Imagine building a castle in the PvP area, then being forced to keep it manned with online players 24/7 just to prevent it from being sieged? To control who has access to pure iron, and ensure your clan isn't cut off? Imagine dominating the market as your clan gets rich selling items made from pure iron? It's all possible concepts you might see one day.

Imagine the politics? Alliances? Espionage? (That's why you have more than one char. Could be used to infiltrate an enemy clan.)
Tachyon Feb 9 @ 7:28am 
Originally posted by ElectroVeeDub:
...Imagine building a castle in the PvP area, then being forced to keep it manned with online players 24/7 just to prevent it from being sieged? To control who has access to pure iron, and ensure your clan isn't cut off? Imagine dominating the market as your clan gets rich selling items made from pure iron? It's all possible concepts you might see one day.

Imagine the politics? Alliances? Espionage? (That's why you have more than one char. Could be used to infiltrate an enemy clan.)
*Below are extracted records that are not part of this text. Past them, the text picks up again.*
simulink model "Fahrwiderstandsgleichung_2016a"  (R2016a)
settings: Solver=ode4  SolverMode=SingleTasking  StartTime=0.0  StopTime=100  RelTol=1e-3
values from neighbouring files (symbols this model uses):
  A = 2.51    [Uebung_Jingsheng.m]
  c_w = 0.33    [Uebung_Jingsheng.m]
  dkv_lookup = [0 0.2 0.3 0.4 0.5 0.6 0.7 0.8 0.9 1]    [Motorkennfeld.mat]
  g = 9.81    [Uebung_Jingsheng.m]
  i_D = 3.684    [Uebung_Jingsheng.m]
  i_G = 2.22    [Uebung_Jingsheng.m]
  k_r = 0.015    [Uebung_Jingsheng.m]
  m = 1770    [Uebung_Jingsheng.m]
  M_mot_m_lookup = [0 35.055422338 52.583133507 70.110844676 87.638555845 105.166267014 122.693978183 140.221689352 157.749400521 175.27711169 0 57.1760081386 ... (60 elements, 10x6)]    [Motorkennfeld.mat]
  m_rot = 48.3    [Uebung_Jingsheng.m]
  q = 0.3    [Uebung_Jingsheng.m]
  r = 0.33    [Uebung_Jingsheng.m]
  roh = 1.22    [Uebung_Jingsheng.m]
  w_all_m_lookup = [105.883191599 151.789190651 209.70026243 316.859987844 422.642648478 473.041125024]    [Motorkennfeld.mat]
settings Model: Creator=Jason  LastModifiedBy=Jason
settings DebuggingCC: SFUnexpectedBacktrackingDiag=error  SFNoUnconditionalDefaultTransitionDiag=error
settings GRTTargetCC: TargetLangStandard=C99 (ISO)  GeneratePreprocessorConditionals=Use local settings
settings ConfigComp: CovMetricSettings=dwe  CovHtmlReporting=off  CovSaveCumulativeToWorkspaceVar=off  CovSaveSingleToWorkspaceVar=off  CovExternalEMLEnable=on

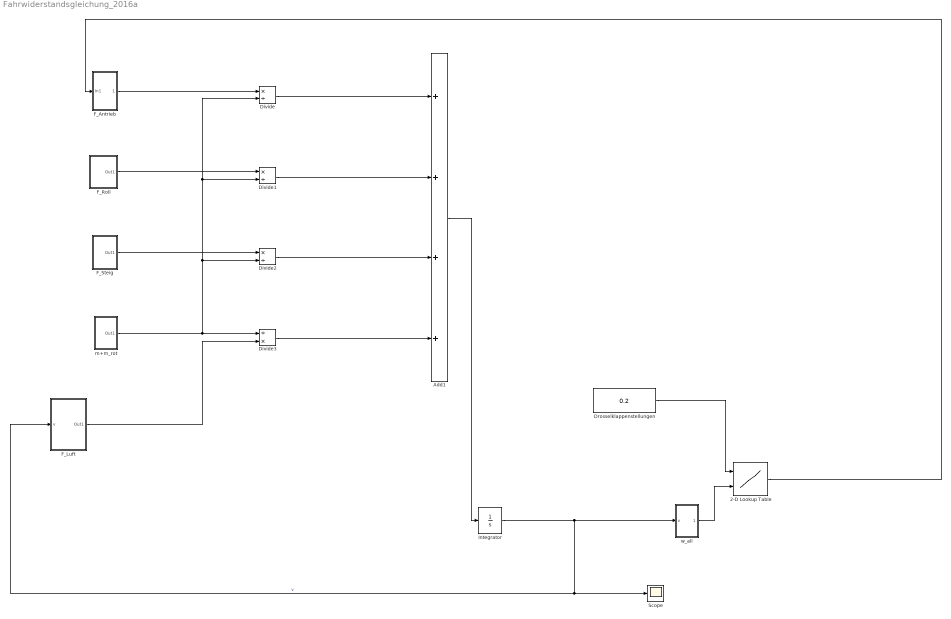
== system Fahrwiderstandsgleichung_2016a ==
  " Drosselklappenstellungen " : Constant  Value=0.2
  2-D Lookup Table : Lookup_n-D  BreakpointsForDimension1=dkv_lookup  BreakpointsForDimension2=w_all_m_lookup  Table=M_mot_m_lookup  InternalRulePriority=Speed  RndMeth=Simplest  InputSameDT=on
  Add1 : Sum  Inputs=++++
  Divide : Product  Inputs=*/
  Divide1 : Product  Inputs=*/
  Divide2 : Product  Inputs=*/
  Divide3 : Product  Inputs=/*
  F_Antrieb : Subsystem
  F_Luft : Subsystem
  F_Roll : Subsystem
  F_Steig : Subsystem
  Integrator : Integrator  InitialCondition=10
  Scope : Scope
  m+m_rot : Subsystem
  w_all : Subsystem
  wires:
  Integrator/1 -> F_Luft/1(v), Scope/1, w_all/1(v)  "v"
  " Drosselklappenstellungen "/1 -> 2-D Lookup Table/1
  Divide/1 -> Add1/1
  Divide1/1 -> Add1/2
  Divide2/1 -> Add1/3
  Add1/1 -> Integrator/1
  Divide3/1 -> Add1/4
  F_Steig/1(Out1) -> Divide2/1
  F_Roll/1(Out1) -> Divide1/1
  m+m_rot/1(Out1) -> Divide/2, Divide1/2, Divide2/2, Divide3/1
  w_all/1(Out1) -> 2-D Lookup Table/2
  F_Luft/1(Out1) -> Divide3/2
  2-D Lookup Table/1 -> F_Antrieb/1(In1)
  F_Antrieb/1(Out1) -> Divide/1

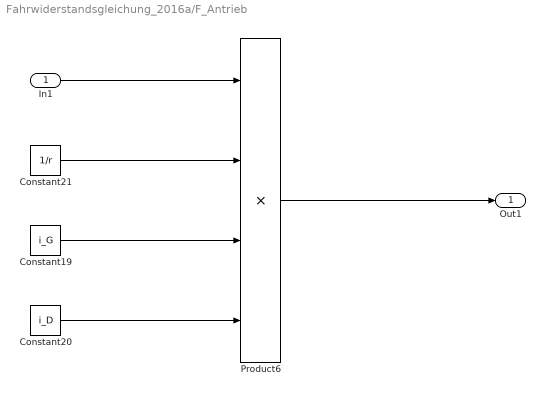
== system Fahrwiderstandsgleichung_2016a/F_Antrieb ==
  In1 : Inport
  Constant19 : Constant  Value=i_G
  Constant20 : Constant  Value=i_D
  Constant21 : Constant  Value=1/r
  Product6 : Product  Inputs=4
  Out1 : Outport
  wires:
  Constant20/1 -> Product6/4
  In1/1 -> Product6/1
  Constant19/1 -> Product6/3
  Product6/1 -> Out1/1
  Constant21/1 -> Product6/2

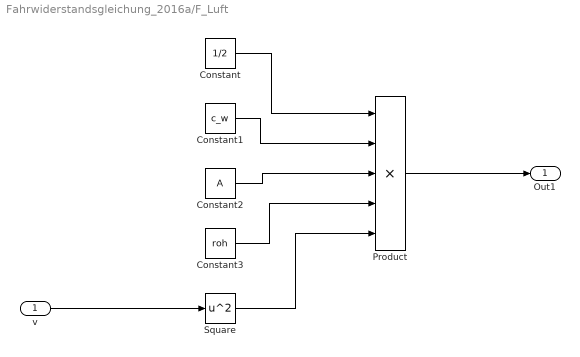
== system Fahrwiderstandsgleichung_2016a/F_Luft ==
  v : Inport
  Constant : Constant  Value=1/2
  Constant1 : Constant  Value=c_w
  Constant2 : Constant  Value=A
  Constant3 : Constant  Value=roh
  Product : Product  Inputs=5
  Square : Math  Operator=square  SaturateOnIntegerOverflow=on
  Out1 : Outport
  wires:
  Constant/1 -> Product/1
  Constant3/1 -> Product/4
  Constant2/1 -> Product/3
  v/1 -> Square/1
  Constant1/1 -> Product/2
  Product/1 -> Out1/1
  Square/1 -> Product/5

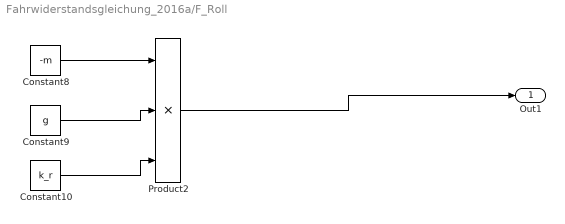
== system Fahrwiderstandsgleichung_2016a/F_Roll ==
  Constant10 : Constant  Value=k_r
  Constant8 : Constant  Value=-m
  Constant9 : Constant  Value=g
  Product2 : Product  Inputs=3
  Out1 : Outport
  wires:
  Constant9/1 -> Product2/2
  Product2/1 -> Out1/1
  Constant8/1 -> Product2/1
  Constant10/1 -> Product2/3

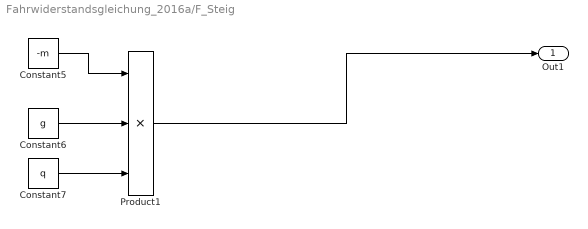
== system Fahrwiderstandsgleichung_2016a/F_Steig ==
  Constant5 : Constant  Value=-m
  Constant6 : Constant  Value=g
  Constant7 : Constant  Value=q
  Product1 : Product  Inputs=3
  Out1 : Outport
  wires:
  Product1/1 -> Out1/1
  Constant6/1 -> Product1/2
  Constant5/1 -> Product1/1
  Constant7/1 -> Product1/3

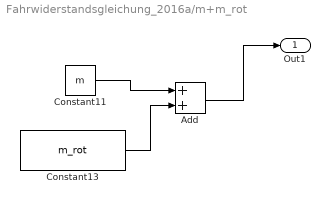
== system Fahrwiderstandsgleichung_2016a/m+m_rot ==
  Add : Sum
  Constant11 : Constant  Value=m
  Constant13 : Constant  Value=m_rot
  Out1 : Outport
  wires:
  Constant13/1 -> Add/2
  Constant11/1 -> Add/1
  Add/1 -> Out1/1

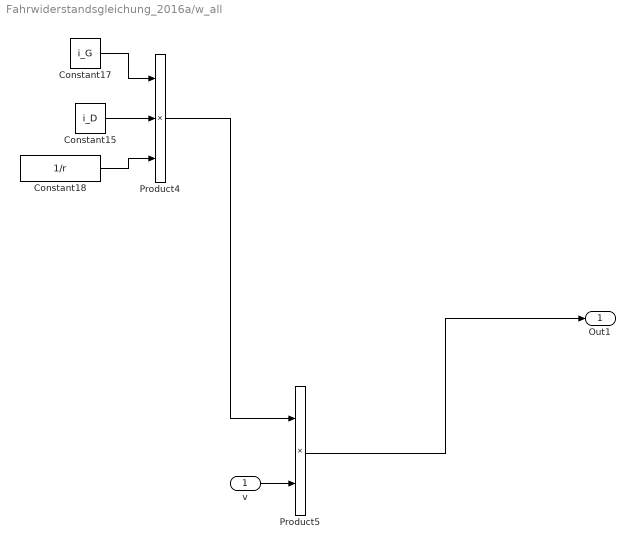
== system Fahrwiderstandsgleichung_2016a/w_all ==
  v : Inport
  Constant15 : Constant  Value=i_D
  Constant17 : Constant  Value=i_G
  Constant18 : Constant  Value=1/r
  Product4 : Product  Inputs=3
  Product5 : Product
  Out1 : Outport
  wires:
  Product4/1 -> Product5/1
  Constant17/1 -> Product4/1
  Constant18/1 -> Product4/3
  Product5/1 -> Out1/1
  Constant15/1 -> Product4/2
  v/1 -> Product5/2

Lol, I have been doing all that in Eve Online since 2007. So really, you're saying this game is just going to be a copy-pasta knock-off of Eve Online, with a fantasy MMO front end, and it's not really bringing anything new to the table whatsoever... and going to take a really, really long time doing it. OK then.
1,000 players for a game still being developed is pretty good. The negativity in this thread seems to ignore most of reality. You really don't need to do a lot of crafting, even with the sparsely populated world its easy to buy gear from other players. Since the world will be brand new when the game is actually released, there is no urgency for players to be online all the time. There are a large number of players that won't even pick this game up until after its actually released. The game does not force you to have more than 5 people, I play sporadically, and almost exclusively solo, but outside of actual dungeons I can basically do anything I want.